George McDonald Fraser acknowledged Brigadier Gerard as a major inspiration for his Flashman series, also set during the Napoleonic Wars.”These two volumes [The Exploits and The Adventures of Brigadier Gerard] show Conan Doyle the short story writer at his best. No one ever paced a tale more expertly, or had a better sense of timing. He was a master of suspense and the unexpected, mingling cliff-hanging action and swordplay with romance, homely philosophy, and humor, this last coming from Gerard’s gift of eccentric narrative and the author’s expertly handled contrast between his hero’s blandly egotistic view of events and what is actually happening. . . . it takes an uncommon talent, and a good heart, to create as timeless a character as his dashing, gallant little brigadier, who seems to embody all that is brightest in the human spirit.” – from Fraser’s Introduction to Exploits and Adventures of Brigadier Gerard (N. Y.: New York Review Books, 2001).
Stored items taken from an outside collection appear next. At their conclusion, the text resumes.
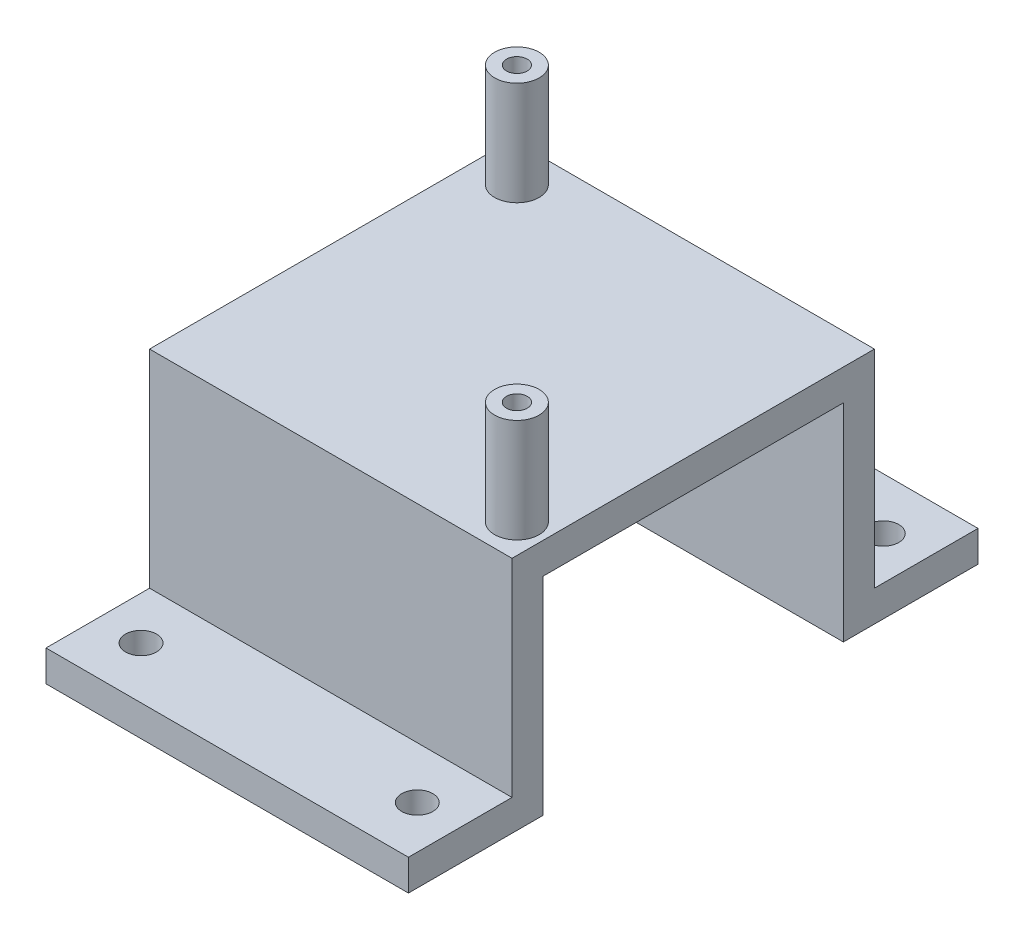
ISO-10303-21;
HEADER;
FILE_DESCRIPTION(('STEP AP214'),'2;1');
FILE_NAME('part.step','',(''),(''),'','','');
FILE_SCHEMA(('AUTOMOTIVE_DESIGN { 1 0 10303 214 1 1 1 1 }'));
ENDSEC;
DATA;
#1=APPLICATION_CONTEXT('core data for automotive mechanical design processes');
#2=APPLICATION_PROTOCOL_DEFINITION('international standard','automotive_design',2000,#1);
#3=PRODUCT_CONTEXT('',#1,'mechanical');
#4=PRODUCT('Part','Part','',(#3));
#5=PRODUCT_RELATED_PRODUCT_CATEGORY('part','',(#4));
#6=PRODUCT_DEFINITION_FORMATION('','',#4);
#7=PRODUCT_DEFINITION_CONTEXT('part definition',#1,'design');
#8=PRODUCT_DEFINITION('design','',#6,#7);
#9=PRODUCT_DEFINITION_SHAPE('','',#8);
#10=(LENGTH_UNIT() NAMED_UNIT(*) SI_UNIT(.MILLI.,.METRE.));
#11=(NAMED_UNIT(*) PLANE_ANGLE_UNIT() SI_UNIT($,.RADIAN.));
#12=(NAMED_UNIT(*) SI_UNIT($,.STERADIAN.) SOLID_ANGLE_UNIT());
#13=UNCERTAINTY_MEASURE_WITH_UNIT(LENGTH_MEASURE(1.E-05),#10,'distance_accuracy_value','');
#14=(GEOMETRIC_REPRESENTATION_CONTEXT(3) GLOBAL_UNCERTAINTY_ASSIGNED_CONTEXT((#13)) GLOBAL_UNIT_ASSIGNED_CONTEXT((#10,
#11,#12)) REPRESENTATION_CONTEXT('',''));
#15=CARTESIAN_POINT('',(0.,0.,0.));
#16=DIRECTION('',(0.,0.,1.));
#17=DIRECTION('',(1.,0.,0.));
#18=AXIS2_PLACEMENT_3D('',#15,#16,#17);
#19=CARTESIAN_POINT('',(-17.5,3.,-17.5));
#20=DIRECTION('',(0.,0.,1.));
#21=DIRECTION('',(1.,0.,0.));
#22=AXIS2_PLACEMENT_3D('',#19,#20,#21);
#23=PLANE('',#22);
#24=DIRECTION('',(1.,0.,0.));
#25=VECTOR('',#24,1.);
#26=CARTESIAN_POINT('',(-17.5,-17.,-17.5));
#27=LINE('',#26,#25);
#28=CARTESIAN_POINT('',(-17.5,-17.,-17.5));
#29=VERTEX_POINT('',#28);
#30=CARTESIAN_POINT('',(17.5,-17.,-17.5));
#31=VERTEX_POINT('',#30);
#32=EDGE_CURVE('E67',#29,#31,#27,.T.);
#33=ORIENTED_EDGE('',*,*,#32,.F.);
#34=DIRECTION('',(0.,-1.,0.));
#35=VECTOR('',#34,1.);
#36=CARTESIAN_POINT('',(-17.5,3.,-17.5));
#37=LINE('',#36,#35);
#38=CARTESIAN_POINT('',(-17.5,3.,-17.5));
#39=VERTEX_POINT('',#38);
#40=EDGE_CURVE('E305',#39,#29,#37,.T.);
#41=ORIENTED_EDGE('',*,*,#40,.F.);
#42=DIRECTION('',(-1.,0.,0.));
#43=VECTOR('',#42,1.);
#44=CARTESIAN_POINT('',(-17.5,3.,-17.5));
#45=LINE('',#44,#43);
#46=CARTESIAN_POINT('',(17.5,3.,-17.5));
#47=VERTEX_POINT('',#46);
#48=EDGE_CURVE('E282',#47,#39,#45,.T.);
#49=ORIENTED_EDGE('',*,*,#48,.F.);
#50=DIRECTION('',(0.,-1.,0.));
#51=VECTOR('',#50,1.);
#52=CARTESIAN_POINT('',(17.5,3.,-17.5));
#53=LINE('',#52,#51);
#54=EDGE_CURVE('E308',#47,#31,#53,.T.);
#55=ORIENTED_EDGE('',*,*,#54,.T.);
#56=EDGE_LOOP('',(#33,#41,#49,#55));
#57=FACE_BOUND('',#56,.T.);
#58=ADVANCED_FACE('F43',(#57),#23,.F.);
#59=CARTESIAN_POINT('',(0.,0.,0.));
#60=DIRECTION('',(0.,-1.,0.));
#61=DIRECTION('',(0.,0.,-1.));
#62=AXIS2_PLACEMENT_3D('',#59,#60,#61);
#63=PLANE('',#62);
#64=DIRECTION('',(0.,0.,1.));
#65=VECTOR('',#64,1.);
#66=CARTESIAN_POINT('',(-17.5,0.,17.5));
#67=LINE('',#66,#65);
#68=CARTESIAN_POINT('',(-17.5,0.,-14.5));
#69=VERTEX_POINT('',#68);
#70=CARTESIAN_POINT('',(-17.5,0.,14.5));
#71=VERTEX_POINT('',#70);
#72=EDGE_CURVE('E283',#69,#71,#67,.T.);
#73=ORIENTED_EDGE('',*,*,#72,.F.);
#74=DIRECTION('',(-1.,0.,0.));
#75=VECTOR('',#74,1.);
#76=CARTESIAN_POINT('',(17.5,0.,-14.5));
#77=LINE('',#76,#75);
#78=CARTESIAN_POINT('',(17.5,0.,-14.5));
#79=VERTEX_POINT('',#78);
#80=EDGE_CURVE('E228',#79,#69,#77,.T.);
#81=ORIENTED_EDGE('',*,*,#80,.F.);
#82=DIRECTION('',(0.,0.,-1.));
#83=VECTOR('',#82,1.);
#84=CARTESIAN_POINT('',(17.5,0.,17.5));
#85=LINE('',#84,#83);
#86=CARTESIAN_POINT('',(17.5,0.,14.5));
#87=VERTEX_POINT('',#86);
#88=EDGE_CURVE('E277',#87,#79,#85,.T.);
#89=ORIENTED_EDGE('',*,*,#88,.F.);
#90=DIRECTION('',(1.,0.,0.));
#91=VECTOR('',#90,1.);
#92=CARTESIAN_POINT('',(-17.5,0.,14.5));
#93=LINE('',#92,#91);
#94=EDGE_CURVE('E147',#71,#87,#93,.T.);
#95=ORIENTED_EDGE('',*,*,#94,.F.);
#96=EDGE_LOOP('',(#73,#81,#89,#95));
#97=FACE_BOUND('',#96,.T.);
#98=ADVANCED_FACE('F357',(#97),#63,.T.);
#99=CARTESIAN_POINT('',(17.5,3.,17.5));
#100=DIRECTION('',(-1.,0.,0.));
#101=DIRECTION('',(0.,0.,1.));
#102=AXIS2_PLACEMENT_3D('',#99,#100,#101);
#103=PLANE('',#102);
#104=DIRECTION('',(0.,-1.,0.));
#105=VECTOR('',#104,1.);
#106=CARTESIAN_POINT('',(17.5,3.,17.5));
#107=LINE('',#106,#105);
#108=CARTESIAN_POINT('',(17.5,3.,17.5));
#109=VERTEX_POINT('',#108);
#110=CARTESIAN_POINT('',(17.5,-17.,17.5));
#111=VERTEX_POINT('',#110);
#112=EDGE_CURVE('E292',#109,#111,#107,.T.);
#113=ORIENTED_EDGE('',*,*,#112,.T.);
#114=DIRECTION('',(0.,0.,-1.));
#115=VECTOR('',#114,1.);
#116=CARTESIAN_POINT('',(17.5,-17.,27.5));
#117=LINE('',#116,#115);
#118=CARTESIAN_POINT('',(17.5,-17.,27.5));
#119=VERTEX_POINT('',#118);
#120=EDGE_CURVE('E59',#119,#111,#117,.T.);
#121=ORIENTED_EDGE('',*,*,#120,.F.);
#122=DIRECTION('',(0.,-1.,0.));
#123=VECTOR('',#122,1.);
#124=CARTESIAN_POINT('',(17.5,-20.,27.5));
#125=LINE('',#124,#123);
#126=CARTESIAN_POINT('',(17.5,-20.,27.5));
#127=VERTEX_POINT('',#126);
#128=EDGE_CURVE('E163',#119,#127,#125,.T.);
#129=ORIENTED_EDGE('',*,*,#128,.T.);
#130=DIRECTION('',(0.,0.,1.));
#131=VECTOR('',#130,1.);
#132=CARTESIAN_POINT('',(17.5,-20.,17.5));
#133=LINE('',#132,#131);
#134=CARTESIAN_POINT('',(17.5,-20.,14.5));
#135=VERTEX_POINT('',#134);
#136=EDGE_CURVE('E161',#135,#127,#133,.T.);
#137=ORIENTED_EDGE('',*,*,#136,.F.);
#138=DIRECTION('',(0.,1.,0.));
#139=VECTOR('',#138,1.);
#140=CARTESIAN_POINT('',(17.5,-20.,14.5));
#141=LINE('',#140,#139);
#142=EDGE_CURVE('E244',#135,#87,#141,.T.);
#143=ORIENTED_EDGE('',*,*,#142,.T.);
#144=ORIENTED_EDGE('',*,*,#88,.T.);
#145=DIRECTION('',(0.,1.,0.));
#146=VECTOR('',#145,1.);
#147=CARTESIAN_POINT('',(17.5,-20.,-14.5));
#148=LINE('',#147,#146);
#149=CARTESIAN_POINT('',(17.5,-20.,-14.5));
#150=VERTEX_POINT('',#149);
#151=EDGE_CURVE('E220',#150,#79,#148,.T.);
#152=ORIENTED_EDGE('',*,*,#151,.F.);
#153=DIRECTION('',(0.,0.,1.));
#154=VECTOR('',#153,1.);
#155=CARTESIAN_POINT('',(17.5,-20.,-17.5));
#156=LINE('',#155,#154);
#157=CARTESIAN_POINT('',(17.5,-20.,-27.5));
#158=VERTEX_POINT('',#157);
#159=EDGE_CURVE('E231',#158,#150,#156,.T.);
#160=ORIENTED_EDGE('',*,*,#159,.F.);
#161=DIRECTION('',(0.,-1.,0.));
#162=VECTOR('',#161,1.);
#163=CARTESIAN_POINT('',(17.5,-20.,-27.5));
#164=LINE('',#163,#162);
#165=CARTESIAN_POINT('',(17.5,-17.,-27.5));
#166=VERTEX_POINT('',#165);
#167=EDGE_CURVE('E202',#166,#158,#164,.T.);
#168=ORIENTED_EDGE('',*,*,#167,.F.);
#169=DIRECTION('',(0.,0.,1.));
#170=VECTOR('',#169,1.);
#171=CARTESIAN_POINT('',(17.5,-17.,-27.5));
#172=LINE('',#171,#170);
#173=EDGE_CURVE('E210',#166,#31,#172,.T.);
#174=ORIENTED_EDGE('',*,*,#173,.T.);
#175=ORIENTED_EDGE('',*,*,#54,.F.);
#176=DIRECTION('',(0.,0.,-1.));
#177=VECTOR('',#176,1.);
#178=CARTESIAN_POINT('',(17.5,3.,17.5));
#179=LINE('',#178,#177);
#180=EDGE_CURVE('E278',#109,#47,#179,.T.);
#181=ORIENTED_EDGE('',*,*,#180,.F.);
#182=EDGE_LOOP('',(#113,#121,#129,#137,#143,#144,#152,#160,#168,#174,#175,#181));
#183=FACE_BOUND('',#182,.T.);
#184=ADVANCED_FACE('F45',(#183),#103,.F.);
#185=CARTESIAN_POINT('',(-17.5,3.,17.5));
#186=DIRECTION('',(1.,0.,0.));
#187=DIRECTION('',(0.,0.,-1.));
#188=AXIS2_PLACEMENT_3D('',#185,#186,#187);
#189=PLANE('',#188);
#190=ORIENTED_EDGE('',*,*,#40,.T.);
#191=DIRECTION('',(0.,0.,1.));
#192=VECTOR('',#191,1.);
#193=CARTESIAN_POINT('',(-17.5,-17.,-27.5));
#194=LINE('',#193,#192);
#195=CARTESIAN_POINT('',(-17.5,-17.,-27.5));
#196=VERTEX_POINT('',#195);
#197=EDGE_CURVE('E216',#196,#29,#194,.T.);
#198=ORIENTED_EDGE('',*,*,#197,.F.);
#199=DIRECTION('',(0.,1.,0.));
#200=VECTOR('',#199,1.);
#201=CARTESIAN_POINT('',(-17.5,-20.,-27.5));
#202=LINE('',#201,#200);
#203=CARTESIAN_POINT('',(-17.5,-20.,-27.5));
#204=VERTEX_POINT('',#203);
#205=EDGE_CURVE('E195',#204,#196,#202,.T.);
#206=ORIENTED_EDGE('',*,*,#205,.F.);
#207=DIRECTION('',(0.,0.,-1.));
#208=VECTOR('',#207,1.);
#209=CARTESIAN_POINT('',(-17.5,-20.,-17.5));
#210=LINE('',#209,#208);
#211=CARTESIAN_POINT('',(-17.5,-20.,-14.5));
#212=VERTEX_POINT('',#211);
#213=EDGE_CURVE('E227',#212,#204,#210,.T.);
#214=ORIENTED_EDGE('',*,*,#213,.F.);
#215=DIRECTION('',(0.,1.,0.));
#216=VECTOR('',#215,1.);
#217=CARTESIAN_POINT('',(-17.5,-20.,-14.5));
#218=LINE('',#217,#216);
#219=EDGE_CURVE('E223',#212,#69,#218,.T.);
#220=ORIENTED_EDGE('',*,*,#219,.T.);
#221=ORIENTED_EDGE('',*,*,#72,.T.);
#222=DIRECTION('',(0.,1.,0.));
#223=VECTOR('',#222,1.);
#224=CARTESIAN_POINT('',(-17.5,-20.,14.5));
#225=LINE('',#224,#223);
#226=CARTESIAN_POINT('',(-17.5,-20.,14.5));
#227=VERTEX_POINT('',#226);
#228=EDGE_CURVE('E142',#227,#71,#225,.T.);
#229=ORIENTED_EDGE('',*,*,#228,.F.);
#230=DIRECTION('',(0.,0.,-1.));
#231=VECTOR('',#230,1.);
#232=CARTESIAN_POINT('',(-17.5,-20.,17.5));
#233=LINE('',#232,#231);
#234=CARTESIAN_POINT('',(-17.5,-20.,27.5));
#235=VERTEX_POINT('',#234);
#236=EDGE_CURVE('E136',#235,#227,#233,.T.);
#237=ORIENTED_EDGE('',*,*,#236,.F.);
#238=DIRECTION('',(0.,1.,0.));
#239=VECTOR('',#238,1.);
#240=CARTESIAN_POINT('',(-17.5,-20.,27.5));
#241=LINE('',#240,#239);
#242=CARTESIAN_POINT('',(-17.5,-17.,27.5));
#243=VERTEX_POINT('',#242);
#244=EDGE_CURVE('E139',#235,#243,#241,.T.);
#245=ORIENTED_EDGE('',*,*,#244,.T.);
#246=DIRECTION('',(0.,0.,-1.));
#247=VECTOR('',#246,1.);
#248=CARTESIAN_POINT('',(-17.5,-17.,27.5));
#249=LINE('',#248,#247);
#250=CARTESIAN_POINT('',(-17.5,-17.,17.5));
#251=VERTEX_POINT('',#250);
#252=EDGE_CURVE('E171',#243,#251,#249,.T.);
#253=ORIENTED_EDGE('',*,*,#252,.T.);
#254=DIRECTION('',(0.,-1.,0.));
#255=VECTOR('',#254,1.);
#256=CARTESIAN_POINT('',(-17.5,3.,17.5));
#257=LINE('',#256,#255);
#258=CARTESIAN_POINT('',(-17.5,3.,17.5));
#259=VERTEX_POINT('',#258);
#260=EDGE_CURVE('E301',#259,#251,#257,.T.);
#261=ORIENTED_EDGE('',*,*,#260,.F.);
#262=DIRECTION('',(0.,0.,1.));
#263=VECTOR('',#262,1.);
#264=CARTESIAN_POINT('',(-17.5,3.,17.5));
#265=LINE('',#264,#263);
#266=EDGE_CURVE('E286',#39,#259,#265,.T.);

The present collection represents five of the eight short stories that appeared in The Exploits of Brigadier Gerard and an extraordinary opportunity to acquire a significant portion of one of Conan Doyle’s most impressive creations. The manuscript of “The Medal of Brigadier Gerard” is in fine condition; the binding lightly rubbed; the other manuscripts, which have been assembled using revisions written on separate pieces of paper, usually of a smaller size, or cut down to a smaller size, and inserted or taped to the original drafts, are in very good condition, with a few tears and stains; the front hinge of the binding is cracked, and the top panel of the spine is detached (but retained).
Provenance: By descent from Herbert F. Gunnison.